Blöde Frage mal eben: warum hast Du denn keine "echte" Umfrage erstellt????? (Umfragefunktion)


----------



## redeye (25. Januar 2004)

Weil ich eben auf die schnelle nicht gesehen hab wie das geht...
Aber danke für die Antwort!


----------



## Meeresangler_Schwerin (25. Januar 2004)

Hi, ich fische mit 30iger Daiwa Turnament in der Brandung. Davor eine 61iger Schlagschnur. Ich habe auch schon 28iger geangelt die muß dann aber sehr wenig Dehnung haben.


----------



## AngelnderWolf (25. Januar 2004)

Mit einer guten 30er hatte ich noch nie Probleme. Werfe bis zu 200 Gramm.


----------



## Sylverpasi (10. Februar 2004)

Hi! Ich fische mit einer 35iger Mono von Penn ohne Schlagschnur. Tragkraft 11 Kg. Hab bis jetzt keine Probs gehabt. Gibt es auf einer 800 m Spule und kostet 13 Euronen. Gruß Dennis


----------



## Andreas Thomsen (10. Februar 2004)

moin, nehme Geflochtene und monofile Schlagschnur.


----------



## Meeresangler_Schwerin (10. Februar 2004)

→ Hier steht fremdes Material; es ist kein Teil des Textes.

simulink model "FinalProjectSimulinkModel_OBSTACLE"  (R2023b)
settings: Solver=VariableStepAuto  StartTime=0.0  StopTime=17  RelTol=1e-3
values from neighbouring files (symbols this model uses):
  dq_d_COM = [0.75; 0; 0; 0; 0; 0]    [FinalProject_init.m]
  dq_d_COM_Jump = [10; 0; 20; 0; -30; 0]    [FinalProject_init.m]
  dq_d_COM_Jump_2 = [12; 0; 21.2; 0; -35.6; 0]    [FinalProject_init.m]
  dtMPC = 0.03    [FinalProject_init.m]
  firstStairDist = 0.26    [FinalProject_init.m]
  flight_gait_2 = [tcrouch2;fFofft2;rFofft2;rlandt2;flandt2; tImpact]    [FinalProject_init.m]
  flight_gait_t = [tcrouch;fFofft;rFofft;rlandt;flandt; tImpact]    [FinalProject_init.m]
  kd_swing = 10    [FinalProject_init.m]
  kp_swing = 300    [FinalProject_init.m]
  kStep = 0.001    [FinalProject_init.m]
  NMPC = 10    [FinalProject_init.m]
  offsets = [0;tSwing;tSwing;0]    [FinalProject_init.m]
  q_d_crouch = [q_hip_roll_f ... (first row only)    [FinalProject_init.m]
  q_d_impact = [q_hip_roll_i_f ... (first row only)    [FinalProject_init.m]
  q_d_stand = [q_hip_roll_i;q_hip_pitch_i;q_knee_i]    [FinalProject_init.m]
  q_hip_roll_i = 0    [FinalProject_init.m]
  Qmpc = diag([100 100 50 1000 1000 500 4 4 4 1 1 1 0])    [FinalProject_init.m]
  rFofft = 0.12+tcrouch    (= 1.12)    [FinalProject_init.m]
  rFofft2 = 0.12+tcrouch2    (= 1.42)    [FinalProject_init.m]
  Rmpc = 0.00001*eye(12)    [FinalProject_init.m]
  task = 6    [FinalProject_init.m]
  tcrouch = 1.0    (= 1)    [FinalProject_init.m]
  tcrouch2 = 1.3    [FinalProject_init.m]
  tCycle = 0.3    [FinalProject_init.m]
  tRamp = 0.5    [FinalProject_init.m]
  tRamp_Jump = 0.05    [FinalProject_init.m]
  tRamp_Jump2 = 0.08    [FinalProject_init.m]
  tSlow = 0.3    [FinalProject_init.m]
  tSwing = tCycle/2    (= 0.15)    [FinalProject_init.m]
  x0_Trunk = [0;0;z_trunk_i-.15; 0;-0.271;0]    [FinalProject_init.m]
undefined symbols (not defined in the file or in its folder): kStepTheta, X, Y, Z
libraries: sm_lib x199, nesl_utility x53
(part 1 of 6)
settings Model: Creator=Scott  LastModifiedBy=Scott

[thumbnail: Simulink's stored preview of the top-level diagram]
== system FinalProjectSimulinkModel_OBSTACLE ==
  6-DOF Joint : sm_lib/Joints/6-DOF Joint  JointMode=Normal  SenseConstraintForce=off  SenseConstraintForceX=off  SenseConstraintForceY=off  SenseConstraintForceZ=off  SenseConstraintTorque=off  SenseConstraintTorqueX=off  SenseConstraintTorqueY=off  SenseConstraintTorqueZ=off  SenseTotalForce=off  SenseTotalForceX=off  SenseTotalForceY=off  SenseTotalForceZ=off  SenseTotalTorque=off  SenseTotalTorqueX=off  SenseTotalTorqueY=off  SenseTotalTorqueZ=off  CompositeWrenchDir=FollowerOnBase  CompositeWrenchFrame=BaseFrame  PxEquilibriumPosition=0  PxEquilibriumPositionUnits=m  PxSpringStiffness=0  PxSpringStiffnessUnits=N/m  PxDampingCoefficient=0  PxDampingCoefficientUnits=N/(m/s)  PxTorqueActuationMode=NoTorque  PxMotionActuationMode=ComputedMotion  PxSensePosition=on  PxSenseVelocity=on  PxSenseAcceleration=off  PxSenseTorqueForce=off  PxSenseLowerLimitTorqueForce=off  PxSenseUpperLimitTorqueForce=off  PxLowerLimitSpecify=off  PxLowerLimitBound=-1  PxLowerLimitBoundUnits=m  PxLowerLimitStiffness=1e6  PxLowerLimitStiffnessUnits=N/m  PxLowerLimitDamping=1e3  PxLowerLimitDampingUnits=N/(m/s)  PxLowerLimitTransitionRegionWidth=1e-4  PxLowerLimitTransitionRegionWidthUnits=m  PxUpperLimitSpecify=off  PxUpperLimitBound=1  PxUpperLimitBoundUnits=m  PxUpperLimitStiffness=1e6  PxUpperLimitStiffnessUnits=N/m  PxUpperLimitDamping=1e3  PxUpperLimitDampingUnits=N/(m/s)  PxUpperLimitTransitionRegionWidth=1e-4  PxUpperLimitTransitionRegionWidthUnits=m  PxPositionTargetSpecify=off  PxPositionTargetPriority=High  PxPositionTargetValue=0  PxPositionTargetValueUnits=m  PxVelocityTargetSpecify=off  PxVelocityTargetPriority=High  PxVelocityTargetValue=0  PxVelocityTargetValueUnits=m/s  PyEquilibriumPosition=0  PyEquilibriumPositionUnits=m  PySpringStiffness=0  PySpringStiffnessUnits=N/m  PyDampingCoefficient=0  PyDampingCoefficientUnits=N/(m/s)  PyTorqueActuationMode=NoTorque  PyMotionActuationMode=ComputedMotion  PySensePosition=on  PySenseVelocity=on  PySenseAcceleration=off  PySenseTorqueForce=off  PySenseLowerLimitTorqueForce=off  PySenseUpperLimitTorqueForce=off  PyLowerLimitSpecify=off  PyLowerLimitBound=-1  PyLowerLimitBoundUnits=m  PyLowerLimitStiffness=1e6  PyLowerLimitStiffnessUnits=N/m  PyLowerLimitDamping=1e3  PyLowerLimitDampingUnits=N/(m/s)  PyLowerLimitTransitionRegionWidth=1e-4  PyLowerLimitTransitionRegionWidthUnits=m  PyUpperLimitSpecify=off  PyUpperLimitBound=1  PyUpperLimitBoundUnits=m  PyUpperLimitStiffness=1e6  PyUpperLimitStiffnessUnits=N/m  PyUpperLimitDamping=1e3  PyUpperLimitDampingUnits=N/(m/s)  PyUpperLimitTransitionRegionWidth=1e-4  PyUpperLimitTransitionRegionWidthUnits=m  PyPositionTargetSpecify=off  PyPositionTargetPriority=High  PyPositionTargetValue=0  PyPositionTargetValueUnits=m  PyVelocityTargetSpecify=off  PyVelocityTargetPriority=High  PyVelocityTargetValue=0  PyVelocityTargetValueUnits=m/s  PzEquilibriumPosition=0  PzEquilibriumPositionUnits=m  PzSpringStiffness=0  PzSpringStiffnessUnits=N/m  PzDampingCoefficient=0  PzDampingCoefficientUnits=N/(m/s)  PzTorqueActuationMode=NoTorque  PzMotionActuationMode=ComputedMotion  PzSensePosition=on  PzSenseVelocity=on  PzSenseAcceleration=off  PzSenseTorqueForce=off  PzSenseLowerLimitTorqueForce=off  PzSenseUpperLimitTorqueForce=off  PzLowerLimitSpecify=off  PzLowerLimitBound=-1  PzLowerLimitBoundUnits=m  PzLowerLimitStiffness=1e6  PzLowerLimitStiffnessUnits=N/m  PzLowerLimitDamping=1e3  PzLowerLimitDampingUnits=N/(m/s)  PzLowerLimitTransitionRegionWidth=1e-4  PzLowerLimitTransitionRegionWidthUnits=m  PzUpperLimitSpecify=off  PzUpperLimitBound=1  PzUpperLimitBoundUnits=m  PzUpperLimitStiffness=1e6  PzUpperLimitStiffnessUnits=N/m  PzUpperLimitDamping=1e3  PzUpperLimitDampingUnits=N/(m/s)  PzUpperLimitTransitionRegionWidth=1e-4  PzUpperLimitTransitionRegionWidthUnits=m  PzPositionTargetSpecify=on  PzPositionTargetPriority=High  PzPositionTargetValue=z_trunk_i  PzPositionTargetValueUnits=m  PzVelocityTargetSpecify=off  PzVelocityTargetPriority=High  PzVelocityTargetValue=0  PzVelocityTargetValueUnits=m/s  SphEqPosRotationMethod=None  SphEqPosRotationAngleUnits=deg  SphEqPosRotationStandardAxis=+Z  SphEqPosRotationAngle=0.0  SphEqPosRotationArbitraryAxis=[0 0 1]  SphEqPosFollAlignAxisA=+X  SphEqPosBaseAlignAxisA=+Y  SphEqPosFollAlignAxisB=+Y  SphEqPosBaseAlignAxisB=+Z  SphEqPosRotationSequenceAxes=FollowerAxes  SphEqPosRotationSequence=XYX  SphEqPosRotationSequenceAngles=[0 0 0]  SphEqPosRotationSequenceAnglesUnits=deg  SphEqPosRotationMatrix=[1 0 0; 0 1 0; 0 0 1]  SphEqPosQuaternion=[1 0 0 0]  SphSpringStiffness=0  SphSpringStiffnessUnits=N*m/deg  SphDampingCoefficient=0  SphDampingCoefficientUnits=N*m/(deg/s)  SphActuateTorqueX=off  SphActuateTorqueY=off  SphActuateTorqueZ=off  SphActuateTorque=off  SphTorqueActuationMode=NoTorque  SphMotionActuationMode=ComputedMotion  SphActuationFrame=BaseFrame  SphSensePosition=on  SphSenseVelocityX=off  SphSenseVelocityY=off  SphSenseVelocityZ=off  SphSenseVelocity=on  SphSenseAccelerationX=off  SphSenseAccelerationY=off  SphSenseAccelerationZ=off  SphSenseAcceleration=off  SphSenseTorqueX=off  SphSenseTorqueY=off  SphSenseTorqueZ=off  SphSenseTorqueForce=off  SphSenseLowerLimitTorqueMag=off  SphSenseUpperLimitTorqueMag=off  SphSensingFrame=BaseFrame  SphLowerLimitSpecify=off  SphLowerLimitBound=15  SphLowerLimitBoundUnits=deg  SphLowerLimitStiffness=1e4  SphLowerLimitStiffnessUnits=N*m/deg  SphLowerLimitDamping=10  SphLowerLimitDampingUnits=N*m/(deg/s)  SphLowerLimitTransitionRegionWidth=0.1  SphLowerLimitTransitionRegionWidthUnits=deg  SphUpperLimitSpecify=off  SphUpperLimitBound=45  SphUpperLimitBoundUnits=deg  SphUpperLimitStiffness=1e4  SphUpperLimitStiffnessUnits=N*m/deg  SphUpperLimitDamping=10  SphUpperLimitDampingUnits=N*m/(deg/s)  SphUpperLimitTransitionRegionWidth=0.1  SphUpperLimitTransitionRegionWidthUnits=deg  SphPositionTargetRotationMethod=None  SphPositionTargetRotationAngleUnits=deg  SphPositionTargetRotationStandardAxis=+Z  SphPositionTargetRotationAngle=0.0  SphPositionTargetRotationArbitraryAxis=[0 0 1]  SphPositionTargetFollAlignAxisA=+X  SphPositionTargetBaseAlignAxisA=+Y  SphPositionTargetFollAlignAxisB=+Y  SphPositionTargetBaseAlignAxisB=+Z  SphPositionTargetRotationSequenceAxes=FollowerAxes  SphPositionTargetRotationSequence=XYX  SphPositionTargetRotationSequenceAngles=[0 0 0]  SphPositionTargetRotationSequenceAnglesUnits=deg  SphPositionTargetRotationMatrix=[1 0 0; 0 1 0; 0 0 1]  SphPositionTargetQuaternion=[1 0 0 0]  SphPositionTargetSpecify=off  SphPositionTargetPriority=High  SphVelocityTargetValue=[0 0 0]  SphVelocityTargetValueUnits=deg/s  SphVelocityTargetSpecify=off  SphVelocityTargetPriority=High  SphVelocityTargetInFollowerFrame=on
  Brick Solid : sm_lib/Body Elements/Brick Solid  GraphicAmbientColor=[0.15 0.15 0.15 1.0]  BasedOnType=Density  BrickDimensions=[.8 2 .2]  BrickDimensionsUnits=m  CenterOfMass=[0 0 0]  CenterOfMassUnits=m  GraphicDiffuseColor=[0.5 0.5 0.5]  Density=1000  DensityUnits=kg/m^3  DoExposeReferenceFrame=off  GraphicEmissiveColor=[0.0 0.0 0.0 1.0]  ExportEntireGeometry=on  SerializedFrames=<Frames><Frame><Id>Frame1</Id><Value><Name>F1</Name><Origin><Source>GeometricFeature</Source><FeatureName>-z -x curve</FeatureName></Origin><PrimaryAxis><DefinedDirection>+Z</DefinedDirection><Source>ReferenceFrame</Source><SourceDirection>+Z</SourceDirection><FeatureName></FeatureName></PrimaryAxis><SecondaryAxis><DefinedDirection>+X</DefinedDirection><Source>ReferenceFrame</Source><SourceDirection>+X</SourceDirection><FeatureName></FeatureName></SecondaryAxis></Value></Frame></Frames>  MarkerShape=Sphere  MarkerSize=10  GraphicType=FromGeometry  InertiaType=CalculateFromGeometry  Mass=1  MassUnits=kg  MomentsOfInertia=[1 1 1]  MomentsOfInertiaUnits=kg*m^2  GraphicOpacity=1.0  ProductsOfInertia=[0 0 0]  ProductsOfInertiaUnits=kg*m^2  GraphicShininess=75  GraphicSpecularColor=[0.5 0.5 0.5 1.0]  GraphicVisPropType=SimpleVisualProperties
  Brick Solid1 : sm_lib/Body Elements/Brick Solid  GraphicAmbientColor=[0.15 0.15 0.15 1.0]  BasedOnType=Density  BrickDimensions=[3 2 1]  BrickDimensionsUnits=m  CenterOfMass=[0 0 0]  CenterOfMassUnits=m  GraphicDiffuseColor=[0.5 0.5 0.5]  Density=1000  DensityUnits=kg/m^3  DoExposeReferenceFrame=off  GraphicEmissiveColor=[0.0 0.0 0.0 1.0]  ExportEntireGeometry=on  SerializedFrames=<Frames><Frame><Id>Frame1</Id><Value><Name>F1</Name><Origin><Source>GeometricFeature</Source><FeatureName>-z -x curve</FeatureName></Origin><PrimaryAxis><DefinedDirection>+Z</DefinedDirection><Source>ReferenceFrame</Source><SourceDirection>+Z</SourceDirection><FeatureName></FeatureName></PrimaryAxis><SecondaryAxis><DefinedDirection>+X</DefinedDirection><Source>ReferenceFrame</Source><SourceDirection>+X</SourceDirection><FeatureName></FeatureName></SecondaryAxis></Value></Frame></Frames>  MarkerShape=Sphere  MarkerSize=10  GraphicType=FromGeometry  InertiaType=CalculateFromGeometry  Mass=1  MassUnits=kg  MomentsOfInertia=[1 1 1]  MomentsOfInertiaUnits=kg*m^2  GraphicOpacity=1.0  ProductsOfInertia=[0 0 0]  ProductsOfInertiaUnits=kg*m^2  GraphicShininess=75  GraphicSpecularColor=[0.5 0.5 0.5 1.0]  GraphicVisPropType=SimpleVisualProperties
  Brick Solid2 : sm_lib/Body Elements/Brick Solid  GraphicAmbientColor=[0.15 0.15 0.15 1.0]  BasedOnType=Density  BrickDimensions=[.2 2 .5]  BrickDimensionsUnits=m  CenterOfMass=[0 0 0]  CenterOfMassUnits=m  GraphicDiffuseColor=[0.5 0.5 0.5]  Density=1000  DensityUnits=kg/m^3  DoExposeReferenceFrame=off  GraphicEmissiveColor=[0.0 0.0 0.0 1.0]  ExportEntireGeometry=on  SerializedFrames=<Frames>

> Hi! Ich fische mit einer 35iger Mono von Penn ohne Schlagschnur.



Sehr interessant, WIE und vor allem wie weit wirfst du damit.


----------



## Sylverpasi (10. Februar 2004)

Ich nehme maxi 125iger Birnenbleie oder Torpedeobleie und komme in etwa 100 bis 120 Meter. Natürlich wenn Wind von vorne kommt sind es dann unter 100  m. Also ich kann mich nicht beschweren. Klar verliere ich mal ein Vorfach, aber das kommt selten vor. 150iger oder 200ter Bleie nehme ich überhaupt nicht. Wenn dann 150iger Kralle bei starkem Wind.


----------



## Meeresangler_Schwerin (10. Februar 2004)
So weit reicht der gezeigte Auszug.